DATA TO USE.

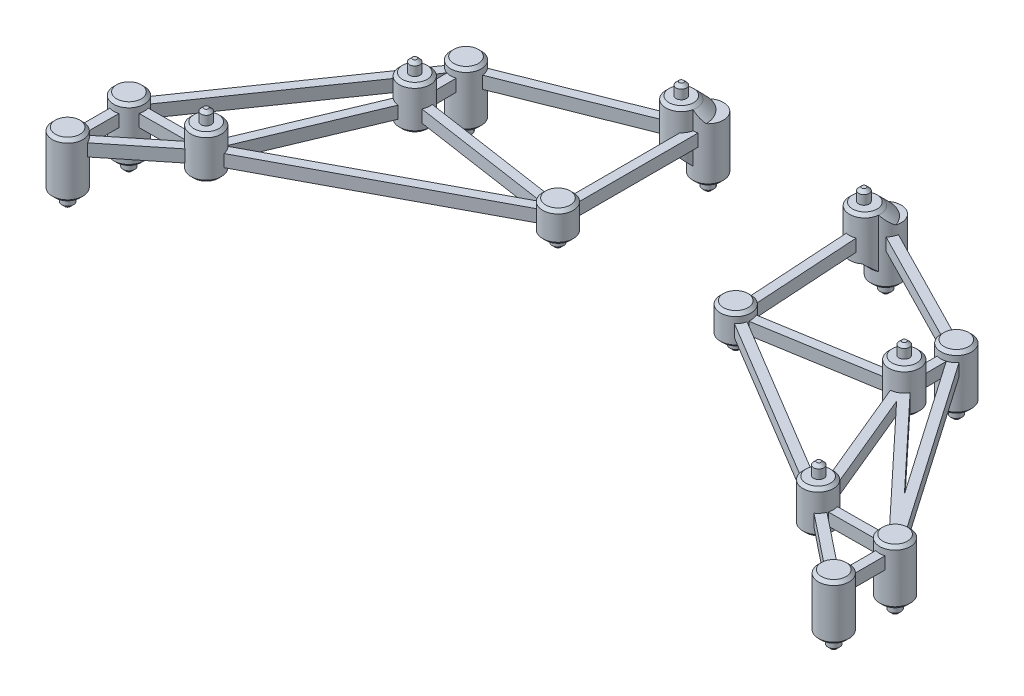
SolidWorks part; units mm, degrees
ref_plane "정면" through (0, 0, 0) normal (0, 0, 1) x (1, 0, 0)
ref_plane "윗면" through (0, 0, 0) normal (0, 1, 0) x (1, 0, 0)
ref_plane "우측면" through (0, 0, 0) normal (1, 0, 0) x (0, 0, -1)
sketch "스케치1" plane through (0, 0, 0) normal (0, 1, 0) x (1, 0, 0)
  line L0 (-33.4243, 0) -> (38.4886, 0) construction
  line L1 (0, -25.0682) -> (0, 57.4797) construction
  circle A0 centre (-25, 124) radius 5 construction
  circle A1 centre (-25, 124) radius 5
  circle A4 centre (-80, 100) radius 5 construction
  circle A5 centre (-80, 100) radius 5
  circle A6 centre (-125, 35) radius 5 construction
  circle A7 centre (-125, 35) radius 5
  circle A8 centre (-125, 15) radius 5 construction
  circle A9 centre (-125, 15) radius 5
  circle A10 centre (125, 15) radius 5
  circle A11 centre (125, 35) radius 5
  circle A12 centre (80, 100) radius 5
  circle A15 centre (33, 124) radius 5 construction
  circle A16 centre (33, 124) radius 5
extrude "보스-돌출1" add sketch "스케치1" along normal blind 8
sketch "스케치2" plane through (0, 8, 0) normal (0, 1, 0) x (1, 0, 0)
  line L0 (53.6121, 0) -> (-76.5516, 0) construction
  line L1 (0, -49.2613) -> (0, 97.446) construction
  circle A0 centre (-125, 15) radius 5 construction
  circle A1 centre (-125, 35) radius 5 construction
  circle A2 centre (-80, 100) radius 5 construction
  circle A3 centre (-25, 124) radius 5 construction
  circle A4 centre (-125, 15) radius 5
  circle A5 centre (-125, 35) radius 5
  circle A6 centre (-80, 100) radius 5
  circle A7 centre (-25, 124) radius 5
  circle A8 centre (125, 15) radius 5 construction
  circle A9 centre (125, 35) radius 5 construction
  circle A10 centre (80, 100) radius 5 construction
  circle A11 centre (33, 124) radius 5 construction
  circle A12 centre (125, 15) radius 5
  circle A13 centre (125, 35) radius 5
  circle A14 centre (80, 100) radius 5
  circle A15 centre (33, 124) radius 5
  circle A16 centre (33, 75) radius 5 construction
  circle A17 centre (33, 75) radius 5
  circle A18 centre (-25, 75) radius 5 construction
  circle A19 centre (-25, 75) radius 5
extrude "보스-돌출2" add sketch "스케치2" along normal blind 10
sketch "스케치4" plane through (0, 18, 0) normal (0, 1, 0) x (1, 0, 0)
  circle A0 centre (80.1349, 82.8698) radius 5 construction
  circle A1 centre (80.1349, 82.8698) radius 5
  circle A2 centre (100.0568, 34.8373) radius 5 construction
  circle A3 centre (100.0568, 34.8373) radius 5
  circle A4 centre (-29.8048, 120.0487) radius 5 construction
  circle A5 centre (-29.8048, 120.0487) radius 5
  circle A6 centre (30.1951, 119.9511) radius 5 construction
  circle A7 centre (30.1951, 119.9511) radius 5
  circle A8 centre (-79.8649, 83.13) radius 5 construction
  circle A9 centre (-79.8649, 83.13) radius 5
  circle A10 centre (-99.9429, 35.1626) radius 5 construction
  circle A11 centre (-99.9429, 35.1626) radius 5
extrude "보스-돌출3" add sketch "스케치4" along normal blind 4 and the other way blind 10
sketch "스케치5" plane through (0, 18, 0) normal (0, 1, 0) x (1, 0, 0)
  line L0 (-125, 35) -> (-80, 100) construction
  line L1 (-80, 100) -> (-29.8048, 120.0487) construction
  line L2 (-29.8048, 120.0487) -> (-25, 124) construction
  line L3 (-25, 124) -> (-25, 75) construction
  line L4 (-25, 75) -> (-79.8649, 83.13) construction
  line L5 (-79.8649, 83.13) -> (-99.9429, 35.1626) construction
  line L6 (-99.9429, 35.1626) -> (-125, 15) construction
  line L7 (-125, 15) -> (-125, 35) construction
  line L8 (-125, 35) -> (-99.9429, 35.1626) construction
  line L9 (-80, 100) -> (-79.8649, 83.13) construction
  line L10 (-25, 75) -> (-99.9429, 35.1626) construction
  line L11 (33, 124) -> (30.1951, 119.9511) construction
  line L12 (30.1951, 119.9511) -> (33, 75) construction
  line L13 (33, 75) -> (100.0568, 34.8373) construction
  line L14 (100.0568, 34.8373) -> (125, 15) construction
  line L15 (125, 15) -> (125, 35) construction
  line L16 (125, 35) -> (80.1349, 82.8698) construction
  line L17 (80.1349, 82.8698) -> (80, 100) construction
  line L18 (80, 100) -> (33, 124) construction
  line L19 (80, 100) -> (125, 35) construction
  line L20 (125, 35) -> (100.0568, 34.8373) construction
  line L21 (100.0568, 34.8373) -> (80.1349, 82.8698) construction
  line L22 (80.1349, 82.8698) -> (33, 75) construction
  line L23 (-29.7299, 74.1845) -> (-96.9369, 38.4593)
  line L24 (-104.2344, 33.6347) -> (-123.5, 18.1323)
  line L25 (-123.5, 18.1323) -> (-123.5, 33.5097)
  line L26 (-123.5, 33.5097) -> (-104.2344, 33.6347)
  line L27 (-126.2333, 35.8538) -> (-126.5, 35)
  line L28 (-81.3673, 83.4255) -> (-100.9439, 36.6561)
  line L29 (-81.462, 95.2529) -> (-81.3673, 83.4255)
  line L30 (-29.7299, 74.1845) -> (-78.9314, 81.4753)
  line L31 (-78.4812, 82.5508) -> (-98.5593, 34.5834) construction
  line L32 (-29.032, 118.7421) -> (-26.5, 120.8244)
  line L33 (-26.5, 120.8244) -> (-26.5, 76.7387)
  line L34 (32.2293, 73.7132) -> (99.2009, 33.6015)
  line L35 (80.6822, 101.3359) -> (32.5139, 125.9325)
  line L36 (32.5139, 125.9325) -> (28.6656, 120.3773)
  line L37 (28.6656, 120.3773) -> (31.5029, 74.9066)
  line L38 (81.5383, 95.1428) -> (112.2077, 50.8425)
  line L39 (81.6302, 83.4678) -> (81.5383, 95.1428)
  line L40 (78.6248, 84.1384) -> (34.3935, 76.7534)
  line L41 (101.0558, 36.3439) -> (84.6799, 75.8269)
  line L42 (99.2009, 33.6015) -> (126.5, 11.8905)
  line L43 (126.5, 11.8905) -> (126.5, 35)
  line L44 (126.2333, 35.8538) -> (126.5, 35)
  line L45 (123.5, 34.9902) -> (123.5, 35)
  line L46 (-24.2959, 73.6755) -> (-99.1133, 33.9048)
  line L47 (-99.1133, 33.9048) -> (-126.5, 11.8677)
  line L48 (-126.5, 11.8677) -> (-126.5, 35)
  line L50 (-126.2333, 35.8538) -> (-81.2333, 100.8538)
  line L51 (-78.9314, 81.4753) -> (-96.9369, 38.4593)
  line L52 (-78.4918, 98.9872) -> (-78.3752, 84.4256)
  line L53 (-80.5564, 101.393) -> (-81.2333, 100.8538)
  line L54 (-80.5564, 101.393) -> (-30.5776, 121.3552)
  line L55 (-30.5776, 121.3552) -> (-23.5, 127.1756)
  line L56 (-23.5, 127.1756) -> (-23.5, 75)
  line L57 (32.2293, 73.7132) -> (31.5029, 74.9066)
  line L58 (81.6348, 82.8816) -> (81.5, 100.0118) construction
  line L59 (33.4861, 122.0675) -> (31.7246, 119.5249)
  line L60 (31.7246, 119.5249) -> (34.3935, 76.7534)
  line L61 (81.2333, 100.8538) -> (126.2333, 35.8538)
  line L62 (78.6248, 84.1384) -> (78.5072, 99.078)
  line L63 (79.2061, 81.1939) -> (37.2685, 74.1919)
  line L64 (32.2293, 73.7132) -> (99.2861, 33.5505) construction
  line L65 (96.9313, 38.4578) -> (79.2061, 81.1939)
  line L66 (123.5, 18.1095) -> (123.5, 33.4902)
  line L67 (123.5, 33.4902) -> (104.3178, 33.3651)
  line L68 (125.0098, 33.5) -> (125, 33.5)
  line L69 (80.6822, 101.3359) -> (81.2333, 100.8538)
  line L70 (78.6349, 82.858) -> (78.5, 99.9882) construction
  line L71 (78.7667, 99.1462) -> (123.7667, 34.1462) construction
  line L72 (78.5072, 99.078) -> (33.4861, 122.0675)
  line L73 (79.3178, 98.6641) -> (33.4861, 122.0675) construction
  line L74 (104.3178, 33.3651) -> (123.5, 18.1095)
  line L75 (80.3819, 81.3903) -> (33.247, 73.5205) construction
  line L76 (101.4423, 35.412) -> (81.5204, 83.4444) construction
  line L77 (99.1231, 33.6633) -> (126.5, 11.8905) construction
  line L78 (125.0098, 33.5) -> (100.0666, 33.3373) construction
  line L79 (79.8879, 84.3493) -> (32.753, 76.4795) construction
  line L80 (112.2077, 50.8425) -> (81.6302, 83.4678)
  line L81 (100.9905, 36.0113) -> (123.5, 18.1095) construction
  line L82 (121.5593, 36.4776) -> (101.0558, 36.3439)
  line L83 (123.5, 18.1095) -> (123.5, 35) construction
  line L84 (121.5593, 36.4776) -> (84.6799, 75.8269)
  line L85 (-23.5, 75) -> (-24.2959, 73.6755)
  line L86 (-26.5, 76.7387) -> (-78.3752, 84.4256)
  line L87 (37.2685, 74.1919) -> (96.9313, 38.4578)
  line L88 (-81.5, 99.988) -> (-81.3648, 83.118) construction
  line L89 (-81.2486, 83.7092) -> (-101.3266, 35.7418) construction
  line L90 (31.7246, 119.5249) -> (34.4971, 75.0934) construction
  line L91 (-25.7041, 76.3245) -> (-100.647, 36.4871) construction
  line L92 (-100.8833, 36.3312) -> (-123.5, 18.1323) construction
  line L93 (-26.5, 120.8244) -> (-26.5, 75) construction
  line L95 (-78.5, 100.012) -> (-78.3649, 83.142) construction
  line L96 (-78.4918, 98.9872) -> (-29.032, 118.7421)
  line L97 (-79.4436, 98.607) -> (-29.032, 118.7421) construction
  line L98 (-99.0026, 33.994) -> (-126.5, 11.8677) construction
  line L101 (-124.9903, 33.5) -> (-99.9332, 33.6626) construction
  line L102 (-24.2959, 73.6755) -> (-99.2389, 33.8381) construction
  line L103 (-122.1242, 36.5187) -> (-81.462, 95.2529)
  line L104 (-122.1242, 36.5187) -> (-100.9439, 36.6561)
  line L106 (-123.5, 18.1323) -> (-123.5, 35) construction
  circle A0 centre (-125, 15) radius 5 construction
  circle A1 centre (125, 15) radius 5
  circle A2 centre (125, 15) radius 5 construction
  circle A3 centre (-125, 35) radius 5 construction
  circle A4 centre (-99.9429, 35.1626) radius 5 construction
  circle A5 centre (-79.8649, 83.13) radius 5 construction
  circle A6 centre (-80, 100) radius 5 construction
  circle A7 centre (-29.8048, 120.0487) radius 5 construction
  arc A8 (-24.9158, 119.0007) -> (-29.8889, 125.048) centre (-29.8048, 120.0487) ccw construction
  arc A9 (-24.9158, 119.0007) -> (-29.8889, 125.048) centre (-25, 124) ccw construction
  circle A10 centre (-25, 75) radius 5 construction
  circle A11 centre (33, 75) radius 5 construction
  circle A12 centre (30.1951, 119.9511) radius 5 construction
  arc A13 (35.1745, 119.4976) -> (28.0206, 124.4535) centre (30.1951, 119.9511) ccw construction
  arc A14 (35.1745, 119.4976) -> (28.0206, 124.4535) centre (33, 124) ccw construction
  circle A15 centre (80, 100) radius 5 construction
  circle A16 centre (80.1349, 82.8698) radius 5 construction
  circle A17 centre (100.0568, 34.8373) radius 5 construction
  circle A18 centre (125, 35) radius 5 construction
  circle A19 centre (-125, 15) radius 5 construction
  circle A20 centre (-125, 35) radius 5 construction
  circle A21 centre (-99.9429, 35.1626) radius 5 construction
  circle A22 centre (-79.8649, 83.13) radius 5 construction
  circle A23 centre (-80, 100) radius 5 construction
  circle A24 centre (-29.8048, 120.0487) radius 5 construction
  arc A25 (-24.9158, 119.0007) -> (-29.8889, 125.048) centre (-29.8048, 120.0487) ccw construction
  arc A26 (-24.9158, 119.0007) -> (-29.8889, 125.048) centre (-25, 124) ccw construction
  circle A27 centre (-25, 75) radius 5 construction
  circle A28 centre (33, 75) radius 5 construction
  circle A29 centre (30.1951, 119.9511) radius 5 construction
  arc A30 (35.1745, 119.4976) -> (28.0206, 124.4535) centre (30.1951, 119.9511) ccw construction
  arc A31 (35.1745, 119.4976) -> (28.0206, 124.4535) centre (33, 124) ccw construction
  circle A32 centre (80, 100) radius 5 construction
  circle A33 centre (80.1349, 82.8698) radius 5 construction
  circle A34 centre (100.0568, 34.8373) radius 5 construction
  circle A35 centre (125, 35) radius 5 construction
  dimension "D1" = 0
  dimension "D2" = 1.5
  dimension "D3" = 1.5
extrude "보스-돌출4" add sketch "스케치5" against normal blind 4 from offset 3 offset against normal yes
sketch "스케치6" plane through (0, 8, 0) normal (0, -1, 0) x (1, 0, 0)
  circle A2 centre (-25, -75) radius 1.9
  circle A3 centre (-25, -75) radius 1.9
  circle A5 centre (33, -75) radius 1.9
  circle A6 centre (33, -75) radius 1.9
  dimension "D1" = 3.1
  dimension "D2" = 3.1
extrude "보스-돌출5" add sketch "스케치6" along normal blind 3.5
sketch "스케치7" plane through (0, 0, 0) normal (0, -1, 0) x (1, 0, 0)
  circle A2 centre (33, -124) radius 1.9
  circle A3 centre (33, -124) radius 1.9
  circle A5 centre (-25, -124) radius 1.9
  circle A6 centre (-25, -124) radius 1.9
  circle A8 centre (-80, -100) radius 1.9
  circle A9 centre (-80, -100) radius 1.9
  circle A11 centre (-125, -35) radius 1.9
  circle A12 centre (-125, -35) radius 1.9
  circle A14 centre (-125, -15) radius 1.9
  circle A15 centre (-125, -15) radius 1.9
  circle A17 centre (125, -35) radius 1.9
  circle A18 centre (125, -35) radius 1.9
  circle A20 centre (80, -100) radius 1.9
  circle A21 centre (80, -100) radius 1.9
  circle A23 centre (125, -15) radius 1.9
  circle A24 centre (125, -15) radius 1.9
  dimension "D1" = 3.1
  dimension "D2" = 3.1
  dimension "D3" = 3.1
  dimension "D4" = 3.1
  dimension "D5" = 3.1
  dimension "D6" = 3.1
  dimension "D7" = 3.1
  dimension "D8" = 3.1
extrude "보스-돌출6" add sketch "스케치7" along normal blind 4
sketch "스케치8" plane through (0, 22, 0) normal (0, 1, 0) x (1, 0, 0)
  line L0 (0, 90.5862) -> (0, -57.4134) construction
  circle A2 centre (-99.9429, 35.1626) radius 1.7
  circle A3 centre (-99.9429, 35.1626) radius 1.7
  circle A5 centre (-79.8649, 83.13) radius 1.7
  circle A6 centre (-79.8649, 83.13) radius 1.7
  circle A7 centre (29.8048, 120.0487) radius 1.7
  circle A8 centre (-29.8048, 120.0487) radius 1.7
  circle A9 centre (-29.8048, 120.0487) radius 1.7
  circle A10 centre (79.8649, 83.13) radius 1.7
  circle A11 centre (99.9429, 35.1626) radius 1.7
  dimension "D1" = 3.3
  dimension "D2" = 3.3
  dimension "D3" = 3.3
extrude "보스-돌출7" add sketch "스케치8" along normal blind 4
chamfer "모따기1" distance 1 angle 45 22 edges at (-25, 4.5, -76.9) (-25, -4, -125.9) (-80, -4, -101.9) (-125, -4, -36.9) (-125, -4, -16.9) (-29.8048, 26, -118.3487) (-79.8649, 26, -81.43) (-99.9429, 26, -33.4626) (-125, 18, -30) (-125, 18, -10) (-80, 18, -95) (-25, 18, -70) (-99.9429, 22, -30.1626) (-79.8649, 22, -78.13) (-79.8649, 8, -78.13) (-25, 8, -70) (-99.9429, 8, -30.1626) (-125, 0, -10) (-125, 0, -30) (-80, 0, -95) (-29.8048, 22, -115.0487) (-25, 0, -119)
chamfer "모따기2" distance 1 angle 45 22 edges at (29.8048, 26, -121.7487) (99.9429, 26, -36.8626) (79.8649, 26, -84.83) (125, -4, -16.9) (125, -4, -36.9) (33, 4.5, -76.9) (80, -4, -101.9) (33, -4, -125.9) (125, 18, -10) (125, 18, -30) (80, 18, -95) (33, 18, -70) (80.1349, 8, -77.8698) (80.1349, 22, -77.8698) (30.1951, 22, -114.9511) (100.0568, 22, -29.8373) (80, 0, -105) (33, 8, -70) (33, 0, -119) (100.0568, 8, -29.8373) (125, 0, -20) (125, 0, -40)
chamfer "모따기3" distance 3 angle 45 2 edges at (30.1527, 8, -119.8899) (33.0424, 18, -124.0612)
chamfer "모따기4" distance 3 angle 45 2 edges at (-25.9429, 18, -123.2245) (-28.8618, 8, -120.8241)

WHAT IS REQUIRED.
Given the records above, restate word for word only the lines starting at the one with "line L75 (80.3819, 81.3903)" and ending at the one with "line L96 (-78.4918, 98.9872)".

YOUR RESPONSE.
  line L75 (80.3819, 81.3903) -> (33.247, 73.5205) construction
  line L76 (101.4423, 35.412) -> (81.5204, 83.4444) construction
  line L77 (99.1231, 33.6633) -> (126.5, 11.8905) construction
  line L78 (125.0098, 33.5) -> (100.0666, 33.3373) construction
  line L79 (79.8879, 84.3493) -> (32.753, 76.4795) construction
  line L80 (112.2077, 50.8425) -> (81.6302, 83.4678)
  line L81 (100.9905, 36.0113) -> (123.5, 18.1095) construction
  line L82 (121.5593, 36.4776) -> (101.0558, 36.3439)
  line L83 (123.5, 18.1095) -> (123.5, 35) construction
  line L84 (121.5593, 36.4776) -> (84.6799, 75.8269)
  line L85 (-23.5, 75) -> (-24.2959, 73.6755)
  line L86 (-26.5, 76.7387) -> (-78.3752, 84.4256)
  line L87 (37.2685, 74.1919) -> (96.9313, 38.4578)
  line L88 (-81.5, 99.988) -> (-81.3648, 83.118) construction
  line L89 (-81.2486, 83.7092) -> (-101.3266, 35.7418) construction
  line L90 (31.7246, 119.5249) -> (34.4971, 75.0934) construction
  line L91 (-25.7041, 76.3245) -> (-100.647, 36.4871) construction
  line L92 (-100.8833, 36.3312) -> (-123.5, 18.1323) construction
  line L93 (-26.5, 120.8244) -> (-26.5, 75) construction
  line L95 (-78.5, 100.012) -> (-78.3649, 83.142) construction
  line L96 (-78.4918, 98.9872) -> (-29.032, 118.7421)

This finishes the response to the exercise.